Voz do servidor

Anos. Foram anos para decidir. Ainda assim, durante todo o processo, houve momentos em que a vontade era desistir.

Minha mãe tem Alzheimer. Há mais de 15 anos. Aos poucos, bem aos poucos, ela foi se desconectando. Por muito tempo comia com suas mãos, escovava os dentes e fazia outras atividades da vida diária, sozinha. Mas o tempo é inflexível e ela começou a ter dificuldades. Hoje, não nos conhece. Não usa nossos nomes. Quando a chamamos “mamãe”, costuma não responder. Usamos seu nome, Margarida, ou o apelido que o papai sempre usou: Garida.

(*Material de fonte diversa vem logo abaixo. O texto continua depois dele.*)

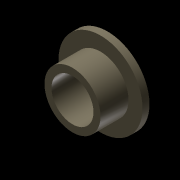
# Autodesk Inventor part: 80F-0605
Saved by Autodesk Inventor 2011 SP1 (Build 150282100, 282)
## iProperties
Created: 2013-02-08
Part Number: 80F-0605
Document SubType Name: Modeling
Designer: arihon
Density: 1 g/cm^3
Author: arihon
Autodesk Inventor part; units mm, degrees
ref_plane "YZ Plane" through (0, 0, 0) normal (1, 0, 0) x (0, 1, 0)
ref_plane "XZ Plane" through (0, 0, 0) normal (0, 1, 0) x (-1, 0, 0)
ref_plane "XY Plane" through (0, 0, 0) normal (0, 0, 1) x (1, 0, 0)
sketch "スケッチ1" plane through (0, 0, 0) normal (0, 0, 1) x (1, 0, 0)
  line L0 (0, 0) -> (0, 10)
  line L1 (-4, 6.5111) -> (-3, 6.5111)
  line L2 (-3, 6.5111) -> (-3, 1.5111)
  line L3 (-3, 1.5111) -> (-4, 1.5111)
  line L4 (-4, 1.5111) -> (-4, 6.5111)
  line L5 (-4, 6.5111) -> (-6, 6.5111)
  line L6 (-6, 6.5111) -> (-6, 5.5111)
  line L7 (-6, 5.5111) -> (-4, 5.5111)
  line L8 (-4, 5.5111) -> (-4, 6.5111)
  point P0 (0, 0)
  dimension "d0" = 10
  dimension "d1" = 6
  dimension "d2" = 0
  dimension "d3" = 1
  dimension "d4" = 1
  dimension "d5" = 12
  dimension "d6" = 5
  constraints: 18 end point, 4 parallel, 2 horizontal, 2 perpendicular, 1 vertical
  measures "d0" distance of L0.start L0.end
  measures "d1" diameter of L2 L0
  measures "d2" distance from line of point (0, 0) L0
  measures "d3" distance between parallel lines of L2 L4
  measures "d4" distance between parallel lines of L5 L7
  measures "d5" diameter of L6 L0
  measures "d6" distance of L1.end L2.end
revolve "回転1" add sketch "スケッチ1" angle 360 about axis through (0, 0, 0) along (0, 1, 0)
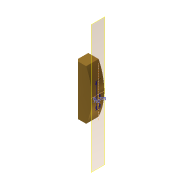
# Autodesk Inventor part: Radial Bushing
Saved by Autodesk Inventor 2014 SP1 (Build 180222100, 222)
## iProperties
Created: 2014-04-22
Part Number: Radial Bushing
Material: Generic
Document SubType Name: Modeling
Designer: Rauhul Varma
Density: 1 g/cm^3
Appearance: Brass - Satin
Author: Rauhul Varma
Autodesk Inventor part; units mm, degrees
ref_plane "XZ Plane" through (0, 0, 0) normal (0, 1, 0) x (-1, 0, 0)
ref_plane "XY Plane" through (0, 0, 0) normal (0, 0, 1) x (1, 0, 0)
sketch "Sketch1" plane through (0, 0, 0) normal (0, 0, 1) x (1, 0, 0)
  circle A0 centre (0, 0) radius 44.45
  line L0 (-32.2263, -21.7487) -> (32.2263, -21.7487) construction
  line L1 (32.2263, -21.7487) -> (32.2263, 21.7487)
  line L2 (32.2263, 21.7487) -> (-32.2263, 21.7487) construction
  line L3 (-32.2263, 21.7487) -> (-32.2263, -21.7487) construction
  line L4 (-32.2263, -21.7487) -> (32.2263, 21.7487) construction
  line L5 (32.2263, -21.7487) -> (-32.2263, 21.7487) construction
  line L6 (-23.8125, -30.1625) -> (23.8125, -30.1625) construction
  line L7 (23.8125, -30.1625) -> (23.8125, 30.1625) construction
  line L8 (23.8125, 30.1625) -> (-23.8125, 30.1625) construction
  line L9 (-23.8125, 30.1625) -> (-23.8125, -30.1625) construction
  line L10 (-23.8125, -30.1625) -> (23.8125, 30.1625) construction
  line L11 (23.8125, -30.1625) -> (-23.8125, 30.1625) construction
  line L12 (-32.2263, 21.7487) -> (-23.8125, 30.1625) construction
  line L13 (-32.2263, -21.7487) -> (-23.8125, -30.1625) construction
  line L14 (23.8125, -30.1625) -> (32.2263, -21.7487) construction
  line L15 (32.2263, 21.7487) -> (23.8125, 30.1625) construction
  line L16 (32.2263, 0) -> (44.45, 0) construction
  line L17 (40.1609, 19.05) -> (32.2263, 19.05)
  line L18 (32.2263, -19.05) -> (40.1609, -19.05)
  dimension "d0" = 88.9
  dimension "d2" = 64.4525
  dimension "d5" = 47.625
  dimension "d6" = 60.325
  dimension "d18" = 45
  dimension "d22" = 19.05
  dimension "d23" = 19.05
  constraints: 38 end point, 6 parallel, 5 midpoint, 4 perpendicular, 3 point on circle, 2 horizontal, 2 point on line, 1 centre point, 1 coincident
  measures "d0" diameter of A0
  measures "d2" distance of L1.end L2.end
  measures "d5" distance of L8.end L7.end
  measures "d6" distance of L8.end L6.start
  measures "d18" angle of L12 L2
  measures "d22" distance between parallel lines of L16 L17
  measures "d23" distance between parallel lines of L18 L16
extrude "Extrusion1" add sketch "Sketch1" along normal blind 9.525 contours A0 L18 L1 L17 picked at (36.3009, 0)
ref_plane "Work Plane1" through (44.45, 0, 0) normal (1, 0, 0) x (0, 1, 0)
sketch "Sketch2" plane through (44.45, 0, 0) normal (1, 0, 0) x (0, 1, 0)
  line L0 (0, 9.9848) -> (0, 0) construction
  line L1 (-19.05, 4.7625) -> (19.05, 4.7625) construction
  line L2 (19.05, 0) -> (-19.05, 0) projected
  line L3 (-19.05, 0) -> (-19.05, 9.525) projected
  line L4 (19.05, 9.525) -> (-19.05, 9.525) projected
  line L5 (19.05, 0) -> (19.05, 9.525) projected
  point P0 (-9.525, 4.7625)
  point P1 (9.525, 4.7625)
  dimension "d9" = 19.05
  dimension "d10" = 9.525
  constraints: 4 end point, 2 midpoint, 2 point on line, 1 perpendicular, 1 vertical
  measures "d9" distance of point (-9.525, 4.762) point (9.525, 4.762)
  measures "d10" distance from line of L0 point (-9.525, 4.762)
hole "Hole2" at (44.45, -9.525, 4.7625) at (44.45, 9.525, 4.7625) direction (-1, 0, 0) diameter 3.6576 end through all counterbore diameter 6.858 counterbore depth 4.445 clearance for "Socket Head Cap Screw" size "#6" standard "Ansi Unified Screw Threads"
equation "\"d10\" = 0.5 * d9"
body "Solid1"

Em um dado momento ela teve o dedo médio (pai de todos, na linguagem popular) em gatilho, na mão direita. O dedo ficou dobrado sobre a palma da mão, sem condições de ser esticado novamente. Depois, aconteceu o mesmo, com o mesmo dedo, mas da mão esquerda, claro. Mais tarde, o dedo anelar (que se chama assim porque é nele que se coloca, ou se colocava, o anel) e o mínimo (ou mindinho) caíram sobre o dedo médio da mão direita. Desta forma, destra que sempre foi, só tinha o polegar e o indicador em condições de pegarem objetos. Segurar um talher, um copo ou uma xícara, sem chances.

Quanto à alimentação, durante muito tempo comeu de tudo. Depois, passou a não aceitar nada sólido, ou em pedacinhos. Só bolo no café da manhã. Gelatina, ela aceita. Aliás, além de suco de fruta, é só o que conseguimos dar-lhe para hidratá-la. Água, muito pouco e geralmente pela manhã, quando toma o Puran. No mais, é só sopa e mingau ou algum tipo de creme ou doce. Aliás, ela adora doces! Sempre foi uma perfeita formiga doceira! Na sopa, sempre tem algum legume doce para que seu paladar, apurado, com certeza, aceite o alimento.

E tem a fala. Começou a esquecer-se das palavras, parou de formar frases, começou a cantarolar. Uma palavra ou outra. Mas só. À noite, dormindo, às vezes fala uma pequena frase. Mas é só. Pelo que podemos observar, ela compreende, pelo menos em parte, o que falamos. Responde sorrindo ou fechando a cara, quando não está satisfeita. Quando não quer algo, sabe bem dizer “não!”.